Lovelly, just lovelly.

imo, one of the best cars ever made from a driver enjoyment point of view.


----------



## Rowan83 (Aug 21, 2007)

Thanks Alan! 

I must admit, the driving experience is top class.


----------



## ALANSHR (Jun 29, 2007)

Yep, never let her go!

My mate had one but moved on to a scooby, similar enjoyment but only when you get to silly speeds whereas the clio was good even at sensible speeds on the twisty bits which just goes to prove that you dont just need power and speed to enjoy driving you also need balance.

I had a g60 corrado which was very similar but would rate the clio above that


----------



## Arun (Dec 25, 2007)

Nice Williams. I'd love to have a drive of one of those! :thumb:


----------



## smiffygas (Jun 22, 2008)

Always wanted one of these! cheap now too!


----------



## Rowan83 (Aug 21, 2007)

Arun said:


> Nice Williams. I'd love to have a drive of one of those! :thumb:


Pop up mate and i will let you have a go, bit far from Essex though i think, lol :thumb:


----------



## Rowan83 (Aug 21, 2007)

smiffygas said:


> Always wanted one of these! cheap now too!

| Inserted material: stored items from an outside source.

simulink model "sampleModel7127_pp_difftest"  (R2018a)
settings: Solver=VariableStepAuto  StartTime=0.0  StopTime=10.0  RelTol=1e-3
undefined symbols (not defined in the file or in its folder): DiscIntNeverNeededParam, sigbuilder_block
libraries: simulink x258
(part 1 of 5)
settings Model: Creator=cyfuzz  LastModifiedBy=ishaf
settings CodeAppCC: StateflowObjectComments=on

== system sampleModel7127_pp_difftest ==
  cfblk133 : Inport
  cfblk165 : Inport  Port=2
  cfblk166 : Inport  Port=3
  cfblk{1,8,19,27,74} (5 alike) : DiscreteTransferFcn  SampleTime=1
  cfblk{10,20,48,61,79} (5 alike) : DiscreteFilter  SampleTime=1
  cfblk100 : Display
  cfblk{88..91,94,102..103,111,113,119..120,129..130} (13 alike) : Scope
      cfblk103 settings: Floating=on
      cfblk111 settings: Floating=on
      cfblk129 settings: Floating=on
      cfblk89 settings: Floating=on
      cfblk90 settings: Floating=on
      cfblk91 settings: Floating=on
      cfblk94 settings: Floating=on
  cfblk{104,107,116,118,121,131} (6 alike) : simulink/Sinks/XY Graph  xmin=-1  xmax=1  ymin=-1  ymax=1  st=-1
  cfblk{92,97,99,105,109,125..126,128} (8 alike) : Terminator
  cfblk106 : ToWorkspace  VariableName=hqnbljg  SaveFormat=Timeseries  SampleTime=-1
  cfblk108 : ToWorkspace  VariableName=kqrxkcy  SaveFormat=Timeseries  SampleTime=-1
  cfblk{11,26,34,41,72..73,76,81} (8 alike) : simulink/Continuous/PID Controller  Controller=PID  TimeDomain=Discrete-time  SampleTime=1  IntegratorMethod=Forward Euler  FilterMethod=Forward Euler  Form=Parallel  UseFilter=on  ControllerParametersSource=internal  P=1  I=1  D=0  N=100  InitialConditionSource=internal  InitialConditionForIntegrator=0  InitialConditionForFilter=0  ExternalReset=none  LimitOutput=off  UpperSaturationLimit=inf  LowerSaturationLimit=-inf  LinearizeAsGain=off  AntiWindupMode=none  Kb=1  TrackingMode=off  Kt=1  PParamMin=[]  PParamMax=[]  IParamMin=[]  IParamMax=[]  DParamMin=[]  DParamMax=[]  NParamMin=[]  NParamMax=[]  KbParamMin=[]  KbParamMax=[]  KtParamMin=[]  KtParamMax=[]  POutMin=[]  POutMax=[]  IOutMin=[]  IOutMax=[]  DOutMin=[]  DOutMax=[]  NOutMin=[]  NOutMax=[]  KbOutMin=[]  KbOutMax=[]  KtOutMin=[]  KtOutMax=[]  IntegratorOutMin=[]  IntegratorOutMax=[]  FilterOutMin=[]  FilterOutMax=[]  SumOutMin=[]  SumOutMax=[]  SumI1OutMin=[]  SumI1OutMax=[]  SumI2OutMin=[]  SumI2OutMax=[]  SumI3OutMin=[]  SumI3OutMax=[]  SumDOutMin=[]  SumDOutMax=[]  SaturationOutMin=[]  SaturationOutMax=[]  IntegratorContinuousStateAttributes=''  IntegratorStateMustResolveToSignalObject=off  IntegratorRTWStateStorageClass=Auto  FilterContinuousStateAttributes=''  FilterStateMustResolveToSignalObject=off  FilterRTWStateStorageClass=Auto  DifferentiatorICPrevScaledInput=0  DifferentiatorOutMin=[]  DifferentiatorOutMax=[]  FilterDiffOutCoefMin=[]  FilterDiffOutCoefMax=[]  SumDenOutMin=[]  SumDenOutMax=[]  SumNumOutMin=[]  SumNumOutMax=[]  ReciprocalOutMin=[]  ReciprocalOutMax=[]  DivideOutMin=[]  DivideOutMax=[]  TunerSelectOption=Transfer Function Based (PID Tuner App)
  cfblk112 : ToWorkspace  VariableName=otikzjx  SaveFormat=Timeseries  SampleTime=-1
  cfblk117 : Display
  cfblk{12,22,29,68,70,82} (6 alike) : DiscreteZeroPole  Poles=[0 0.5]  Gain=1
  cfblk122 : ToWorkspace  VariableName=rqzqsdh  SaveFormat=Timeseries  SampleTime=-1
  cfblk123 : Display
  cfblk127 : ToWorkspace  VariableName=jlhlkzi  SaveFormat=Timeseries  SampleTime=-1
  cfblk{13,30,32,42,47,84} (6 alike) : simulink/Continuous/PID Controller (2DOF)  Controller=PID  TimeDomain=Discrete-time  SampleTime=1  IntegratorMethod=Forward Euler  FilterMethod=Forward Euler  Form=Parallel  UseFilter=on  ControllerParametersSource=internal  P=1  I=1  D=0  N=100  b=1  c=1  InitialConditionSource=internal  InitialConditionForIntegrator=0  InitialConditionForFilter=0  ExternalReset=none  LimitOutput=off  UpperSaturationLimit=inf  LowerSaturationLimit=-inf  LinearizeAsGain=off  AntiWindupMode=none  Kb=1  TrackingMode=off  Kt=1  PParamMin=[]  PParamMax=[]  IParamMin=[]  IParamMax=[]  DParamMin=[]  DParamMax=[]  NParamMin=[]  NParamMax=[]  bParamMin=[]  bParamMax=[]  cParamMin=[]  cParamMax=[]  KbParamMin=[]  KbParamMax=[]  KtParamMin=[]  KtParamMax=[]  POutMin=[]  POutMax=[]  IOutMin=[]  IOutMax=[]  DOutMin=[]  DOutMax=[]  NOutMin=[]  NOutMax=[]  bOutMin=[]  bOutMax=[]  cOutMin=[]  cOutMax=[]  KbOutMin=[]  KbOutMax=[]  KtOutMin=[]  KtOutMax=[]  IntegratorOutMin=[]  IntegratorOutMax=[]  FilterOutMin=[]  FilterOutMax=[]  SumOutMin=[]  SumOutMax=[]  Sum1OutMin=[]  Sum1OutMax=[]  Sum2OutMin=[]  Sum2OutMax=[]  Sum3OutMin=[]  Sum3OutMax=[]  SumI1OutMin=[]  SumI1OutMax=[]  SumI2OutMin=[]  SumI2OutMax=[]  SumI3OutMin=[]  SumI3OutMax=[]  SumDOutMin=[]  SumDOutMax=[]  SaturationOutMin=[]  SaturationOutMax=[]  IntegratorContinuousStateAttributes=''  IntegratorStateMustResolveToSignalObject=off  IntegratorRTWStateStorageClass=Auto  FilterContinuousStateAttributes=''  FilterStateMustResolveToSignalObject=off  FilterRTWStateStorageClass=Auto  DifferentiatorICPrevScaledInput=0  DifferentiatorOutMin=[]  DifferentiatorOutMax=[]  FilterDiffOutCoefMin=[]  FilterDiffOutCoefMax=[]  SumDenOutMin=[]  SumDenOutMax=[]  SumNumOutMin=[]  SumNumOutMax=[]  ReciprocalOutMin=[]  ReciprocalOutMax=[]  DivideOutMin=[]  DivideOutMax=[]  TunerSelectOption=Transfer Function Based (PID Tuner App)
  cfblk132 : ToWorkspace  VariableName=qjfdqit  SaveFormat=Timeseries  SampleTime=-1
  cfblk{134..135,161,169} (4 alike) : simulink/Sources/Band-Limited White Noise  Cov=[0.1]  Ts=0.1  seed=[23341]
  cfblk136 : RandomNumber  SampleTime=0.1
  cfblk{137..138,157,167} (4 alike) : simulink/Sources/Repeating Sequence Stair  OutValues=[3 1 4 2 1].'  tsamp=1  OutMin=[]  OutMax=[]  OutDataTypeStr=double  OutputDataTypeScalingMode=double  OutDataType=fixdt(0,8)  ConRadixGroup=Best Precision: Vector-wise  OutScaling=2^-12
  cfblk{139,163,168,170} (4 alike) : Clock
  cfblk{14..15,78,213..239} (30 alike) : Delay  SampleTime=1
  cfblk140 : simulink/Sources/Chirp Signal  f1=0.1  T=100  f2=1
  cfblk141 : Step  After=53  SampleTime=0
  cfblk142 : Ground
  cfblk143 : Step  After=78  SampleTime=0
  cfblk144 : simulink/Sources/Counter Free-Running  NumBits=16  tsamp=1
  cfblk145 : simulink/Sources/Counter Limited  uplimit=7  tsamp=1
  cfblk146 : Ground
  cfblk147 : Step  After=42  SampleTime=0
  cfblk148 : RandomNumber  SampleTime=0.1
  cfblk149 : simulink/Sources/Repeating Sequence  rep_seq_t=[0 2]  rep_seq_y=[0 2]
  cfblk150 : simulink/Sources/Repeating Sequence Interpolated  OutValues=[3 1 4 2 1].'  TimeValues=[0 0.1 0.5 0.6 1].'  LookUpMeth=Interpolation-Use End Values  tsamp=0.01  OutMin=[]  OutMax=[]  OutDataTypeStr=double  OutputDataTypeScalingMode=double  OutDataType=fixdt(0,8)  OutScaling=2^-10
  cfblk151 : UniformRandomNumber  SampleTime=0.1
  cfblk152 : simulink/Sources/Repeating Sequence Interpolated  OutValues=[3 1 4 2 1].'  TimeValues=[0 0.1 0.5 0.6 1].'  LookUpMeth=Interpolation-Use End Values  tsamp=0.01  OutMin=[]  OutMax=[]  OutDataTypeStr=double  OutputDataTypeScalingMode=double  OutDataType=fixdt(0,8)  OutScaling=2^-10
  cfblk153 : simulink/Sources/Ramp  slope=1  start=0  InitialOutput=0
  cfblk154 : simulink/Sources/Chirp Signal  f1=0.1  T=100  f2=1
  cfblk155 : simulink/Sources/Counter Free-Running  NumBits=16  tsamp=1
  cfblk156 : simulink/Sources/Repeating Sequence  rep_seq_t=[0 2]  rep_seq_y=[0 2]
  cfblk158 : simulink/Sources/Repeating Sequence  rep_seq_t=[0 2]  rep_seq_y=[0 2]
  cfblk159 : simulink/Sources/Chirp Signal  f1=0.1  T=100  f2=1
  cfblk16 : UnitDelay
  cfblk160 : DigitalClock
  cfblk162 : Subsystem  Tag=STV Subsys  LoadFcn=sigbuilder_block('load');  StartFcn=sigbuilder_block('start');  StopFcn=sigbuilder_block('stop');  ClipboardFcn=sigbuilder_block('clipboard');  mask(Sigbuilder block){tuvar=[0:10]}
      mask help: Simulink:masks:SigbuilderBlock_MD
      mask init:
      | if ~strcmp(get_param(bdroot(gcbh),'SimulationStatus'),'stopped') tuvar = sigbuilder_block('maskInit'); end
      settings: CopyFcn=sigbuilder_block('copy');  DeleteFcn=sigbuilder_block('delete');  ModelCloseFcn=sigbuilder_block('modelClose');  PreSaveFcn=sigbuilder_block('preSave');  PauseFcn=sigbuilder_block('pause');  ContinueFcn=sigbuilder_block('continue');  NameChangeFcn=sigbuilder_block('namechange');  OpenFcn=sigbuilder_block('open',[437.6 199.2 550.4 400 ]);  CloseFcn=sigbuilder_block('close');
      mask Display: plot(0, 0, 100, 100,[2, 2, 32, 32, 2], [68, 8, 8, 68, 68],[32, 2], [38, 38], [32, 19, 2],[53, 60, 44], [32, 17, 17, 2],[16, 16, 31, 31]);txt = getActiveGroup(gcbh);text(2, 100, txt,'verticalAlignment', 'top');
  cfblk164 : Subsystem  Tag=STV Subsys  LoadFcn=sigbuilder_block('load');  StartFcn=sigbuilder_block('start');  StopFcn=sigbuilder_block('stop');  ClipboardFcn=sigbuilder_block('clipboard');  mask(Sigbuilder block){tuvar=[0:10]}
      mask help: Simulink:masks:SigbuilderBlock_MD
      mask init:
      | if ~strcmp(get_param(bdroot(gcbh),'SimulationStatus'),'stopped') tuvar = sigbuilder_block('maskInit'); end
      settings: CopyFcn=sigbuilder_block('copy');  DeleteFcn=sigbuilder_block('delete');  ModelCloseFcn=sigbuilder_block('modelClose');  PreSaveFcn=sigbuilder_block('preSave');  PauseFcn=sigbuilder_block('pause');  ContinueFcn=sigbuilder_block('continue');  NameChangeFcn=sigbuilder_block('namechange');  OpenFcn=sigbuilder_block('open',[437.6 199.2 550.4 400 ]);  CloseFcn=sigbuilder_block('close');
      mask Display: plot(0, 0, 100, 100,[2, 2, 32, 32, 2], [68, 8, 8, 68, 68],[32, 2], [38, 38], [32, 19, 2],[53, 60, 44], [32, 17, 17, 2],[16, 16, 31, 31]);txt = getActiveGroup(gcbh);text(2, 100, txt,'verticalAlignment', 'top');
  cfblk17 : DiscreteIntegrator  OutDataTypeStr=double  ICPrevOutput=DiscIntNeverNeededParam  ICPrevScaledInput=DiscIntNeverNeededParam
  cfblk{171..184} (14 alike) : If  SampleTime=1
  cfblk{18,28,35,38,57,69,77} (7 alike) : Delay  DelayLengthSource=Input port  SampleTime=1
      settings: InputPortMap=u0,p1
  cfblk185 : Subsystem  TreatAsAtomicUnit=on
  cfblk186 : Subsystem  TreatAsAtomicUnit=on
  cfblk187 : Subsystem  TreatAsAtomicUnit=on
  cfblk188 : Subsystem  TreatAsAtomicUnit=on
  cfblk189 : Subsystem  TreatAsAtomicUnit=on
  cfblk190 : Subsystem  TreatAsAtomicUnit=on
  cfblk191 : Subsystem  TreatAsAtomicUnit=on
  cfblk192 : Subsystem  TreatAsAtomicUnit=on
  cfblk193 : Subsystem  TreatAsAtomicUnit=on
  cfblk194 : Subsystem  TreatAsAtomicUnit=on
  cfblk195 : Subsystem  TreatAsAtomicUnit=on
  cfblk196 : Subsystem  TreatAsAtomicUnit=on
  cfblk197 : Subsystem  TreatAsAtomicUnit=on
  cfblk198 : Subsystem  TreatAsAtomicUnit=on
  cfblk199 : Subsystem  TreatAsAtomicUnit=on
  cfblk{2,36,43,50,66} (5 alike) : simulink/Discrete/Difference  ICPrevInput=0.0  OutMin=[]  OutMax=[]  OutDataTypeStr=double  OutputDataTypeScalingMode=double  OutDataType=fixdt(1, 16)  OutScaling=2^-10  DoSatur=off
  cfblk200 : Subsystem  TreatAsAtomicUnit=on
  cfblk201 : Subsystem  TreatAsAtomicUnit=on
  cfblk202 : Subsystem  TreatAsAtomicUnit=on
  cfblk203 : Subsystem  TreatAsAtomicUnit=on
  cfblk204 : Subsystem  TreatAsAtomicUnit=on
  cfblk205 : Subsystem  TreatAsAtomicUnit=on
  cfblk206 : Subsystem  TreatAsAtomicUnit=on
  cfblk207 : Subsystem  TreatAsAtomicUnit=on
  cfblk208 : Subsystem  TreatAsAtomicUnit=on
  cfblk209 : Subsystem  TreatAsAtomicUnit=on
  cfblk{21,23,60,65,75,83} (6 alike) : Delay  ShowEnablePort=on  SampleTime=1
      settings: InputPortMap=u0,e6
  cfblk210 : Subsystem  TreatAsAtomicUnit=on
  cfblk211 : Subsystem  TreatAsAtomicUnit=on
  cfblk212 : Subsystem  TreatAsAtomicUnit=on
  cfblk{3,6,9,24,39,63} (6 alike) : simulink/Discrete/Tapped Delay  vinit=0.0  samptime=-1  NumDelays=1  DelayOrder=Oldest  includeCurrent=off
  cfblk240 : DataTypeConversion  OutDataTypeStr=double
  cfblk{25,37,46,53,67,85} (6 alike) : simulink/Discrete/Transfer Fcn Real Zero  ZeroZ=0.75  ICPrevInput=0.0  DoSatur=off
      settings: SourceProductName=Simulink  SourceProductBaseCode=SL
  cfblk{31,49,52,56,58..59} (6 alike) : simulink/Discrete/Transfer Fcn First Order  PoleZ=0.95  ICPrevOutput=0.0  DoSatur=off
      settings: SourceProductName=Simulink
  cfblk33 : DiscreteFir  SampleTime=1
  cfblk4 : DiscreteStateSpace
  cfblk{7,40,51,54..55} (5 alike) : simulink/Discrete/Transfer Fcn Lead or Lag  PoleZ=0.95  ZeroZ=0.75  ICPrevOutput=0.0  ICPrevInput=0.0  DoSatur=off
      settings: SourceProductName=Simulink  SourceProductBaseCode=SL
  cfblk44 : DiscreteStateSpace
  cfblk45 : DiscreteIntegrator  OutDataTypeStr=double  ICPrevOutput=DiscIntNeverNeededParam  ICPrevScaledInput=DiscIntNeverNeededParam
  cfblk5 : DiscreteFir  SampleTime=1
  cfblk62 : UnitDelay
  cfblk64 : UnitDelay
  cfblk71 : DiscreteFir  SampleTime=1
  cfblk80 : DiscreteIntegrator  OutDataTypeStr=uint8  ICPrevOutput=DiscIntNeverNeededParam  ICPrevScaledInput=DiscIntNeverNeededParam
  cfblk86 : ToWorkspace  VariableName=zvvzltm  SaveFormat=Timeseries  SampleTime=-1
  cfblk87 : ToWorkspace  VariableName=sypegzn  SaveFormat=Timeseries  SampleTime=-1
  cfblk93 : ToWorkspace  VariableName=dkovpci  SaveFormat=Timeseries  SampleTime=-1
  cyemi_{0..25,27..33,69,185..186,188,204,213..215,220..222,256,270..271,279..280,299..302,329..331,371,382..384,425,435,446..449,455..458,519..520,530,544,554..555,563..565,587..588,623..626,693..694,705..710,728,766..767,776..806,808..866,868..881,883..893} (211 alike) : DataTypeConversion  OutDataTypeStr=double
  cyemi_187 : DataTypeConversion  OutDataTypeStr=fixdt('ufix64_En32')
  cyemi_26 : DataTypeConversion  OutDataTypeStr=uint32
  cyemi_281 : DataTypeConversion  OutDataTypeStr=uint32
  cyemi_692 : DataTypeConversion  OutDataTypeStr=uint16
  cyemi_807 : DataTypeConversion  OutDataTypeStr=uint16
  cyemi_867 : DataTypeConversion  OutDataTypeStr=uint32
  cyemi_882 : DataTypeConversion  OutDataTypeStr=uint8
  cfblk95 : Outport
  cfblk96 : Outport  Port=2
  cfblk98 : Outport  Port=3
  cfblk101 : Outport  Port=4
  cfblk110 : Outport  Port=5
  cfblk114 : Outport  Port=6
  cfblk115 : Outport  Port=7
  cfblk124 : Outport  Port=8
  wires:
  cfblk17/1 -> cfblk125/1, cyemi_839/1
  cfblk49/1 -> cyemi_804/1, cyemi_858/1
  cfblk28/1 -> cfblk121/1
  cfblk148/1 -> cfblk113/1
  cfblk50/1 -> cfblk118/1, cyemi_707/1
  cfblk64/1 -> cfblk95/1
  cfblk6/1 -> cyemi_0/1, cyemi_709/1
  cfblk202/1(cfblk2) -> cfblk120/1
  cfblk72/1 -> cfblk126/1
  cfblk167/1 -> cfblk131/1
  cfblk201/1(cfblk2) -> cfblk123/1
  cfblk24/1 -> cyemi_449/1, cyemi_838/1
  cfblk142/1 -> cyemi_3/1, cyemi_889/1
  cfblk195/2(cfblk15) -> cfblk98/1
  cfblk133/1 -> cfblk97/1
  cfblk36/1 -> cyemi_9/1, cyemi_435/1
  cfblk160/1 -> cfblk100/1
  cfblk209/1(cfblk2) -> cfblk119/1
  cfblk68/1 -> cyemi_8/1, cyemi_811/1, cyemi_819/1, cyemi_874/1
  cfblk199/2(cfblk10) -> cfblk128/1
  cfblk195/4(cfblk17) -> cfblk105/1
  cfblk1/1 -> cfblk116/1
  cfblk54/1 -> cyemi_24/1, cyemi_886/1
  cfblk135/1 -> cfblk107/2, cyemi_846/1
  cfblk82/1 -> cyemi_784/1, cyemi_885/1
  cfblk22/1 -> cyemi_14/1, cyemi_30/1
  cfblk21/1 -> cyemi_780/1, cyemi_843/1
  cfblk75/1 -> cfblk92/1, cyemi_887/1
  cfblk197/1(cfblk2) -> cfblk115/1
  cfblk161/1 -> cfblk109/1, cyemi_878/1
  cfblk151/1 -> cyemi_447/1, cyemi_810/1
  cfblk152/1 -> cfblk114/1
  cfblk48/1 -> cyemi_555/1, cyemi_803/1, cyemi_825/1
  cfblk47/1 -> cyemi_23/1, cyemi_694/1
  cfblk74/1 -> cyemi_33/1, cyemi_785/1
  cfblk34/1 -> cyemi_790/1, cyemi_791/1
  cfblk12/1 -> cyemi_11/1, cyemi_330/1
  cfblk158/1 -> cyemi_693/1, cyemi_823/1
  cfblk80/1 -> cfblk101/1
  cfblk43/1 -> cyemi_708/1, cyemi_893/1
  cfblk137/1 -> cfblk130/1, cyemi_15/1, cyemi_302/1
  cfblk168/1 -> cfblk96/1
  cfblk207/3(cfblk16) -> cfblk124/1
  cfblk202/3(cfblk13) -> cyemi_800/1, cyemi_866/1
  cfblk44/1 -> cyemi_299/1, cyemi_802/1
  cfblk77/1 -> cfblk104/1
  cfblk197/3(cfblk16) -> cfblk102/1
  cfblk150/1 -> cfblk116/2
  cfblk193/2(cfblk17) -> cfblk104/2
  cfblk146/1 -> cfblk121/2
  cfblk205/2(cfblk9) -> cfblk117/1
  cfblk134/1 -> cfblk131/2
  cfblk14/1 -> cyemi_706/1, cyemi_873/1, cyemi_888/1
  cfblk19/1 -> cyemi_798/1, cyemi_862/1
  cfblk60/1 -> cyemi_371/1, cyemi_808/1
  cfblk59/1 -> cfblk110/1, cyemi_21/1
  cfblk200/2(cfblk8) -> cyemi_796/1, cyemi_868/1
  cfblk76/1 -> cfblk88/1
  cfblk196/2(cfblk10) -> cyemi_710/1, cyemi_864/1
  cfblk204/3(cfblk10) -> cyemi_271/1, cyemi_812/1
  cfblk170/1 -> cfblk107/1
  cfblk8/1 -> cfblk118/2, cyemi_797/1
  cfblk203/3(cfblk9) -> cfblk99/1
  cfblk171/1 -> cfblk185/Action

Well, you will be suprised mate! There is one currently for sale in the UK at £12k!!!! it has only 9k miles on the clock.


----------



## Arun (Dec 25, 2007)

MatrixGuy said:


> Pop up mate and i will let you have a go, bit far from Essex though i think, lol :thumb:


Goddamnit!!! If you ever decide to take a holiday down in costa del essex in the Williams, drop me a pm!!!!


----------



## Rowan83 (Aug 21, 2007)

Arun said:


> Goddamnit!!! If you ever decide to take a holiday down in costa del essex in the Williams, drop me a pm!!!!


I will do mate :thumb:


----------



## shane159 (Dec 27, 2007)

Loving the williams clio looks mint mate, my bro bought one a few months ago and 2 of my friends have them, proper old school motors.:thumb:


----------



## Rowan83 (Aug 21, 2007)

Cheers Shane, what models do they have bud?


----------



## shane159 (Dec 27, 2007)

all 3's mate, my bro bought as a pass time to tidy up the body work, the car came with £26000 in recipts including buying the car, it was a 1 owner from new and had a fortune spent a prima, it came with 3 full sets of wheels and good tyres.

Here's acouple of pics:


































He no longer owns it but still has a fond love for them.


----------



## Rowan83 (Aug 21, 2007)

Seen that car before, looks nice but too modded for me, lol. :thumb:


----------



## shane159 (Dec 27, 2007)

Yeah it never run right while he had it thats the reason he sold it, my other 2 mates williams are standard though.


----------



## shane159 (Dec 27, 2007)

p.s think me bro just jumped into the first one he could find lol


----------



## Chris_4536 (Sep 20, 2006)

MatrixGuy said:


> Seen that car before, looks nice but too modded for me, lol. :thumb:


Me too. I'ts a 2.1 overbore on bike carbs IIRC?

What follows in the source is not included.